Abstract

To compare the recently introduced rotary FlexMaster instruments with Lightspeed instruments and NiTi hand files in preparing curved root canals. Root canals of extracted molars were shaped with rotary FlexMaster instruments ('FM': n = 45), Lightspeed instruments ('LS': n = 46), and NiTi hand files (n = 45) using the balanced-force technique. The apical preparation size was 40. Root canal instrumentation was carried out in a phantom head under clinical conditions. A re-assembly technique allowed a comparison of the canal outline before and after preparation. Root sections 2.5 mm short of working length were used to calculate the percentage of prepared canal outline (= PPO) and the amount of root canal transportation. Loss of working length, fracture rate and time spent on complete preparation were also recorded. The highest PPO values were found in the LS group (mean = 63% [95% CI: 55%; 70%]). Although not statistically significant, lower PPO values were detected for FM instruments (mean = 55% [95% CI: 49%; 62%]) and for hand files (mean = 53% [95% CI: 47%; 59%]).
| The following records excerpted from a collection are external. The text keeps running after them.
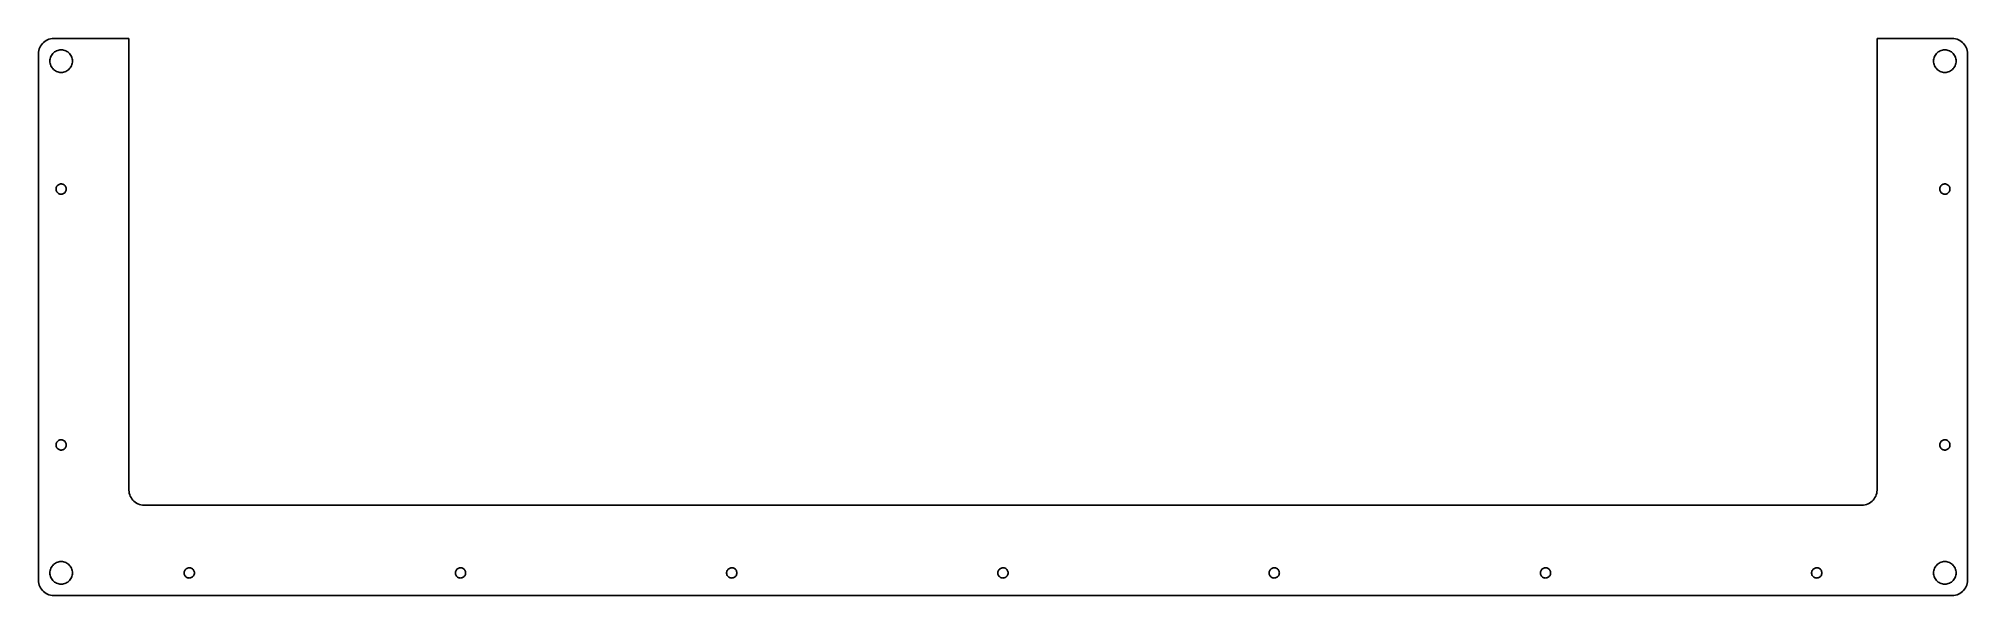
# Model space of a CAD drawing. Header units: metres. Extents: x -320 to 320, y -92 to 92.
import ezdxf

# ---------------------------------------------------------------- set-up
doc = ezdxf.new("R2010")
doc.units = ezdxf.units.M

msp = doc.modelspace()

# ---------------------------------------------------------------- linework, layer by layer
for p, q in [((-319.33, 90), (-319.568, 89.5337)), ((-319.045, 90.4389), (-319.33, 90)), ((-318.716, 90.8457), (-319.045, 90.4389)), ((-318.346, 91.2157), (-318.716, 90.8457)), ((-317.939, 91.5451), (-318.346, 91.2157)), ((-317.5, 91.8301), (-317.939, 91.5451)), ((-317.034, 92.0677), (-317.5, 91.8301)), ((-316.545, 92.2553), (-317.034, 92.0677)), ((-316.04, 92.3907), (-316.545, 92.2553)), ((-315.523, 92.4726), (-316.04, 92.3907)), ((-315, 92.5), (-315.523, 92.4726)), ((-290, 92.5), (-315, 92.5)), ((-290, -57.5), (-290, 92.5)), ((315, 92.5), (290, 92.5)), ((290, 92.5), (290, -57.5)), ((315.523, 92.4726), (315, 92.5)), ((316.04, 92.3907), (315.523, 92.4726)), ((316.545, 92.2553), (316.04, 92.3907)), ((317.034, 92.0677), (316.545, 92.2553)), ((317.5, 91.8301), (317.034, 92.0677)), ((317.939, 91.5451), (317.5, 91.8301)), ((318.346, 91.2157), (317.939, 91.5451)), ((318.716, 90.8457), (318.346, 91.2157)), ((319.045, 90.4389), (318.716, 90.8457)), ((319.33, 90), (319.045, 90.4389)), ((319.568, 89.5337), (319.33, 90)), ((-319.973, 88.0226), (-320, 87.5)), ((-320, 87.5), (-320, -87.5)), ((-319.891, 88.5396), (-319.973, 88.0226)), ((-319.755, 89.0451), (-319.891, 88.5396)), ((-319.568, 89.5337), (-319.755, 89.0451)), ((-316.25, 85), (-316.229, 85.392)), ((-316.229, 84.608), (-316.25, 85)), ((-316.229, 85.392), (-316.168, 85.7797)), ((-316.168, 84.2203), (-316.229, 84.608)), ((-316.168, 85.7797), (-316.066, 86.1588)), ((-316.066, 83.8412), (-316.168, 84.2203)), ((-316.066, 86.1588), (-315.926, 86.5253)), ((-315.926, 83.4747), (-316.066, 83.8412)), ((-315.926, 86.5253), (-315.748, 86.875)), ((-315.748, 83.125), (-315.926, 83.4747)), ((-315.748, 86.875), (-315.534, 87.2042)), ((-315.534, 87.2042), (-315.287, 87.5092)), ((-315.287, 87.5092), (-315.009, 87.7868)), ((-315.009, 87.7868), (-314.704, 88.0338)), ((-314.704, 88.0338), (-314.375, 88.2476)), ((-314.375, 88.2476), (-314.025, 88.4258)), ((-314.025, 88.4258), (-313.659, 88.5665)), ((-313.659, 88.5665), (-313.28, 88.668)), ((-313.28, 88.668), (-312.892, 88.7294)), ((-312.892, 88.7294), (-312.5, 88.75)), ((-312.5, 88.75), (-312.108, 88.7294)), ((-312.108, 88.7294), (-311.72, 88.668)), ((-311.72, 88.668), (-311.341, 88.5665)), ((-311.341, 88.5665), (-310.975, 88.4258)), ((-310.975, 88.4258), (-310.625, 88.2476)), ((-310.625, 88.2476), (-310.296, 88.0338)), ((-310.296, 88.0338), (-309.991, 87.7868)), ((-309.991, 87.7868), (-309.713, 87.5092)), ((-309.713, 87.5092), (-309.466, 87.2042)), ((-309.466, 87.2042), (-309.252, 86.875)), ((-309.252, 86.875), (-309.074, 86.5253)), ((-309.074, 83.4747), (-309.252, 83.125)), ((-309.074, 86.5253), (-308.934, 86.1588)), ((-308.934, 83.8412), (-309.074, 83.4747)), ((-308.934, 86.1588), (-308.832, 85.7797)), ((-308.832, 84.2203), (-308.934, 83.8412)), ((-308.832, 85.7797), (-308.771, 85.392)), ((-308.771, 84.608), (-308.832, 84.2203)), ((-308.771, 85.392), (-308.75, 85)), ((-308.75, 85), (-308.771, 84.608)), ((308.75, 85), (308.771, 85.392)), ((308.771, 84.608), (308.75, 85)), ((308.771, 85.392), (308.832, 85.7797)), ((308.832, 84.2203), (308.771, 84.608)), ((308.832, 85.7797), (308.934, 86.1588)), ((308.934, 83.8412), (308.832, 84.2203)), ((308.934, 86.1588), (309.074, 86.5253)), ((309.074, 83.4747), (308.934, 83.8412)), ((309.074, 86.5253), (309.252, 86.875)), ((309.252, 83.125), (309.074, 83.4747)), ((309.252, 86.875), (309.466, 87.2042)), ((309.466, 87.2042), (309.713, 87.5092)), ((309.713, 87.5092), (309.991, 87.7868)), ((309.991, 87.7868), (310.296, 88.0338)), ((310.296, 88.0338), (310.625, 88.2476)), ((310.625, 88.2476), (310.975, 88.4258)), ((310.975, 88.4258), (311.341, 88.5665)), ((311.341, 88.5665), (311.72, 88.668)), ((311.72, 88.668), (312.108, 88.7294)), ((312.108, 88.7294), (312.5, 88.75)), ((312.5, 88.75), (312.892, 88.7294)), ((312.892, 88.7294), (313.28, 88.668)), ((313.28, 88.668), (313.659, 88.5665)), ((313.659, 88.5665), (314.025, 88.4258)), ((314.025, 88.4258), (314.375, 88.2476)), ((314.375, 88.2476), (314.704, 88.0338)), ((314.704, 88.0338), (315.009, 87.7868)), ((315.009, 87.7868), (315.287, 87.5092)), ((315.287, 87.5092), (315.534, 87.2042)), ((315.534, 87.2042), (315.748, 86.875)), ((315.748, 86.875), (315.926, 86.5253)), ((315.926, 83.4747), (315.748, 83.125)), ((315.926, 86.5253), (316.066, 86.1588)), ((316.066, 83.8412), (315.926, 83.4747)), ((316.066, 86.1588), (316.168, 85.7797)), ((316.168, 84.2203), (316.066, 83.8412)), ((316.168, 85.7797), (316.229, 85.392)), ((316.229, 84.608), (316.168, 84.2203)), ((316.229, 85.392), (316.25, 85)), ((316.25, 85), (316.229, 84.608)), ((319.755, 89.0451), (319.568, 89.5337)), ((319.891, 88.5396), (319.755, 89.0451)), ((319.973, 88.0226), (319.891, 88.5396)), ((320, 87.5), (319.973, 88.0226)), ((320, -87.5), (320, 87.5)), ((-315.534, 82.7958), (-315.748, 83.125)), ((-315.287, 82.4908), (-315.534, 82.7958)), ((-315.009, 82.2132), (-315.287, 82.4908)), ((-314.704, 81.9662), (-315.009, 82.2132)), ((-314.375, 81.7524), (-314.704, 81.9662)), ((-314.025, 81.5742), (-314.375, 81.7524)), ((-313.659, 81.4335), (-314.025, 81.5742)), ((-313.28, 81.3319), (-313.659, 81.4335)), ((-312.892, 81.2705), (-313.28, 81.3319)), ((-312.5, 81.25), (-312.892, 81.2705)), ((-312.108, 81.2705), (-312.5, 81.25)), ((-311.72, 81.3319), (-312.108, 81.2705)), ((-311.341, 81.4335), (-311.72, 81.3319)), ((-310.975, 81.5742), (-311.341, 81.4335)), ((-310.625, 81.7524), (-310.975, 81.5742)), ((-310.296, 81.9662), (-310.625, 81.7524)), ((-309.991, 82.2132), (-310.296, 81.9662)), ((-309.713, 82.4908), (-309.991, 82.2132)), ((-309.466, 82.7958), (-309.713, 82.4908)), ((-309.252, 83.125), (-309.466, 82.7958)), ((309.466, 82.7958), (309.252, 83.125)), ((309.713, 82.4908), (309.466, 82.7958)), ((309.991, 82.2132), (309.713, 82.4908)), ((310.296, 81.9662), (309.991, 82.2132)), ((310.625, 81.7524), (310.296, 81.9662)), ((310.975, 81.5742), (310.625, 81.7524)), ((311.341, 81.4335), (310.975, 81.5742)), ((311.72, 81.3319), (311.341, 81.4335)), ((312.108, 81.2705), (311.72, 81.3319)), ((312.5, 81.25), (312.108, 81.2705)), ((312.892, 81.2705), (312.5, 81.25)), ((313.28, 81.3319), (312.892, 81.2705)), ((313.659, 81.4335), (313.28, 81.3319)), ((314.025, 81.5742), (313.659, 81.4335)), ((314.375, 81.7524), (314.025, 81.5742)), ((314.704, 81.9662), (314.375, 81.7524)), ((315.009, 82.2132), (314.704, 81.9662)), ((315.287, 82.4908), (315.009, 82.2132)), ((315.534, 82.7958), (315.287, 82.4908)), ((315.748, 83.125), (315.534, 82.7958)), ((-314.2, 42.5), (-314.182, 42.7475)), ((-314.182, 42.2525), (-314.2, 42.5)), ((-314.182, 42.7475), (-314.128, 42.9898)), ((-314.128, 42.0102), (-314.182, 42.2525)), ((-314.128, 42.9898), (-314.039, 43.2216)), ((-314.039, 41.7784), (-314.128, 42.0102)), ((-314.039, 43.2216), (-313.918, 43.438)), ((-313.918, 41.562), (-314.039, 41.7784)), ((-313.918, 43.438), (-313.766, 43.6344)), ((-313.766, 41.3656), (-313.918, 41.562)), ((-313.766, 43.6344), (-313.587, 43.8067)), ((-313.587, 41.1933), (-313.766, 41.3656)), ((-313.587, 43.8067), (-313.386, 43.9511)), ((-313.386, 41.0489), (-313.587, 41.1933)), ((-313.386, 43.9511), (-313.165, 44.0646)), ((-313.165, 40.9354), (-313.386, 41.0489)), ((-313.165, 44.0646), (-312.93, 44.1447)), ((-312.93, 40.8553), (-313.165, 40.9354)), ((-312.93, 44.1447), (-312.686, 44.1898)), ((-312.686, 40.8102), (-312.93, 40.8553)), ((-312.686, 44.1898), (-312.438, 44.1989)), ((-312.438, 40.8011), (-312.686, 40.8102)), ((-312.438, 44.1989), (-312.191, 44.1717)), ((-312.191, 40.8283), (-312.438, 40.8011)), ((-312.191, 44.1717), (-311.951, 44.1089)), ((-311.951, 40.8911), (-312.191, 40.8283)), ((-311.951, 44.1089), (-311.723, 44.0119)), ((-311.723, 40.9881), (-311.951, 40.8911)), ((-311.723, 44.0119), (-311.511, 43.8826)), ((-311.511, 41.1174), (-311.723, 40.9881)), ((-311.511, 43.8826), (-311.32, 43.7238)), ((-311.32, 41.2762), (-311.511, 41.1174)), ((-311.32, 43.7238), (-311.154, 43.539)), ((-311.154, 41.461), (-311.32, 41.2762)), ((-311.154, 43.539), (-311.018, 43.332)), ((-311.018, 41.668), (-311.154, 41.461)), ((-311.018, 43.332), (-310.912, 43.1073)), ((-310.912, 41.8927), (-311.018, 41.668)), ((-310.912, 43.1073), (-310.841, 42.8696)), ((-310.841, 42.1304), (-310.912, 41.8927)), ((-310.841, 42.8696), (-310.805, 42.6241)), ((-310.805, 42.3759), (-310.841, 42.1304)), ((-310.805, 42.6241), (-310.805, 42.3759)), ((310.805, 42.6241), (310.841, 42.8696)), ((310.805, 42.3759), (310.805, 42.6241)), ((310.841, 42.1304), (310.805, 42.3759)), ((310.841, 42.8696), (310.912, 43.1073)), ((310.912, 41.8927), (310.841, 42.1304)), ((310.912, 43.1073), (311.018, 43.332)), ((311.018, 41.668), (310.912, 41.8927)), ((311.018, 43.332), (311.154, 43.539)), ((311.154, 41.461), (311.018, 41.668)), ((311.154, 43.539), (311.32, 43.7238)), ((311.32, 41.2762), (311.154, 41.461)), ((311.32, 43.7238), (311.511, 43.8826)), ((311.511, 41.1174), (311.32, 41.2762)), ((311.511, 43.8826), (311.723, 44.0119)), ((311.723, 40.9881), (311.511, 41.1174)), ((311.723, 44.0119), (311.951, 44.1089)), ((311.951, 40.8911), (311.723, 40.9881)), ((311.951, 44.1089), (312.191, 44.1717)), ((312.191, 40.8283), (311.951, 40.8911)), ((312.191, 44.1717), (312.438, 44.1989)), ((312.438, 40.8011), (312.191, 40.8283)), ((312.438, 44.1989), (312.686, 44.1898)), ((312.686, 40.8102), (312.438, 40.8011)), ((312.686, 44.1898), (312.93, 44.1447)), ((312.93, 40.8553), (312.686, 40.8102)), ((312.93, 44.1447), (313.165, 44.0646)), ((313.165, 40.9354), (312.93, 40.8553)), ((313.165, 44.0646), (313.386, 43.9511)), ((313.386, 41.0489), (313.165, 40.9354)), ((313.386, 43.9511), (313.587, 43.8067)), ((313.587, 41.1933), (313.386, 41.0489)), ((313.587, 43.8067), (313.766, 43.6344)), ((313.766, 41.3656), (313.587, 41.1933)), ((313.766, 43.6344), (313.918, 43.438)), ((313.918, 41.562), (313.766, 41.3656)), ((313.918, 43.438), (314.039, 43.2216)), ((314.039, 41.7784), (313.918, 41.562)), ((314.039, 43.2216), (314.128, 42.9898)), ((314.128, 42.0102), (314.039, 41.7784)), ((314.128, 42.9898), (314.182, 42.7475)), ((314.182, 42.2525), (314.128, 42.0102)), ((314.182, 42.7475), (314.2, 42.5)), ((314.2, 42.5), (314.182, 42.2525)), ((-314.2, -42.5), (-314.182, -42.2525)), ((-314.182, -42.7475), (-314.2, -42.5)), ((-314.182, -42.2525), (-314.128, -42.0102)), ((-314.128, -42.9898), (-314.182, -42.7475)), ((-314.128, -42.0102), (-314.039, -41.7784)), ((-314.039, -43.2216), (-314.128, -42.9898)), ((-314.039, -41.7784), (-313.918, -41.562)), ((-313.918, -43.438), (-314.039, -43.2216)), ((-313.918, -41.562), (-313.766, -41.3656)), ((-313.766, -43.6344), (-313.918, -43.438)), ((-313.766, -41.3656), (-313.587, -41.1933)), ((-313.587, -43.8067), (-313.766, -43.6344)), ((-313.587, -41.1933), (-313.386, -41.0489)), ((-313.386, -43.9511), (-313.587, -43.8067)), ((-313.386, -41.0489), (-313.165, -40.9354)), ((-313.165, -44.0646), (-313.386, -43.9511)), ((-313.165, -40.9354), (-312.93, -40.8553)), ((-312.93, -44.1447), (-313.165, -44.0646)), ((-312.93, -40.8553), (-312.686, -40.8102)), ((-312.686, -44.1898), (-312.93, -44.1447)), ((-312.686, -40.8102), (-312.438, -40.8011)), ((-312.438, -44.1989), (-312.686, -44.1898)), ((-312.438, -40.8011), (-312.191, -40.8283)), ((-312.191, -44.1717), (-312.438, -44.1989)), ((-312.191, -40.8283), (-311.951, -40.8911)), ((-311.951, -44.1089), (-312.191, -44.1717)), ((-311.951, -40.8911), (-311.723, -40.9881)), ((-311.723, -44.0119), (-311.951, -44.1089)), ((-311.723, -40.9881), (-311.511, -41.1174)), ((-311.511, -43.8826), (-311.723, -44.0119)), ((-311.511, -41.1174), (-311.32, -41.2762)), ((-311.32, -43.7238), (-311.511, -43.8826)), ((-311.32, -41.2762), (-311.154, -41.461)), ((-311.154, -43.539), (-311.32, -43.7238)), ((-311.154, -41.461), (-311.018, -41.668)), ((-311.018, -43.332), (-311.154, -43.539)), ((-311.018, -41.668), (-310.912, -41.8927)), ((-310.912, -43.1073), (-311.018, -43.332)), ((-310.912, -41.8927), (-310.841, -42.1304)), ((-310.841, -42.8696), (-310.912, -43.1073)), ((-310.841, -42.1304), (-310.805, -42.3759)), ((-310.805, -42.6241), (-310.841, -42.8696)), ((-310.805, -42.3759), (-310.805, -42.6241)), ((310.805, -42.3759), (310.841, -42.1304)), ((310.805, -42.6241), (310.805, -42.3759)), ((310.841, -42.8696), (310.805, -42.6241)), ((310.841, -42.1304), (310.912, -41.8927)), ((310.912, -43.1073), (310.841, -42.8696)), ((310.912, -41.8927), (311.018, -41.668)), ((311.018, -43.332), (310.912, -43.1073)), ((311.018, -41.668), (311.154, -41.461)), ((311.154, -43.539), (311.018, -43.332)), ((311.154, -41.461), (311.32, -41.2762)), ((311.32, -43.7238), (311.154, -43.539)), ((311.32, -41.2762), (311.511, -41.1174)), ((311.511, -43.8826), (311.32, -43.7238)), ((311.511, -41.1174), (311.723, -40.9881)), ((311.723, -44.0119), (311.511, -43.8826)), ((311.723, -40.9881), (311.951, -40.8911)), ((311.951, -44.1089), (311.723, -44.0119)), ((311.951, -40.8911), (312.191, -40.8283)), ((312.191, -44.1717), (311.951, -44.1089)), ((312.191, -40.8283), (312.438, -40.8011)), ((312.438, -44.1989), (312.191, -44.1717)), ((312.438, -40.8011), (312.686, -40.8102)), ((312.686, -44.1898), (312.438, -44.1989)), ((312.686, -40.8102), (312.93, -40.8553)), ((312.93, -44.1447), (312.686, -44.1898)), ((312.93, -40.8553), (313.165, -40.9354)), ((313.165, -44.0646), (312.93, -44.1447)), ((313.165, -40.9354), (313.386, -41.0489)), ((313.386, -43.9511), (313.165, -44.0646)), ((313.386, -41.0489), (313.587, -41.1933)), ((313.587, -43.8067), (313.386, -43.9511)), ((313.587, -41.1933), (313.766, -41.3656)), ((313.766, -43.6344), (313.587, -43.8067)), ((313.766, -41.3656), (313.918, -41.562)), ((313.918, -43.438), (313.766, -43.6344)), ((313.918, -41.562), (314.039, -41.7784)), ((314.039, -43.2216), (313.918, -43.438)), ((314.039, -41.7784), (314.128, -42.0102)), ((314.128, -42.9898), (314.039, -43.2216)), ((314.128, -42.0102), (314.182, -42.2525)), ((314.182, -42.7475), (314.128, -42.9898)), ((314.182, -42.2525), (314.2, -42.5)), ((314.2, -42.5), (314.182, -42.7475)), ((-289.973, -58.0226), (-290, -57.5)), ((290, -57.5), (289.973, -58.0226)), ((-289.891, -58.5396), (-289.973, -58.0226)), ((-289.755, -59.0451), (-289.891, -58.5396)), ((-289.568, -59.5337), (-289.755, -59.0451)), ((-289.33, -60), (-289.568, -59.5337)), ((-289.045, -60.4389), (-289.33, -60)), ((-288.716, -60.8457), (-289.045, -60.4389)), ((-288.346, -61.2157), (-288.716, -60.8457)), ((-287.939, -61.5451), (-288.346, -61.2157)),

The incidence of root canal transportation exceeding 0.1 mm was significantly lower in the LS group than in the FM group. Loss of working length of 0.5 mm occurred in five cases (LS group: 4x; FM group: 1x). Two LS instruments fractured. Half the time was needed for root canal preparation with FM instruments than with hand files. Rotary FM instruments are suitable for preparing curved root canals. They provided results similar to LS instruments with minimal risk of instrument fracture but increased risk of root canal transportation.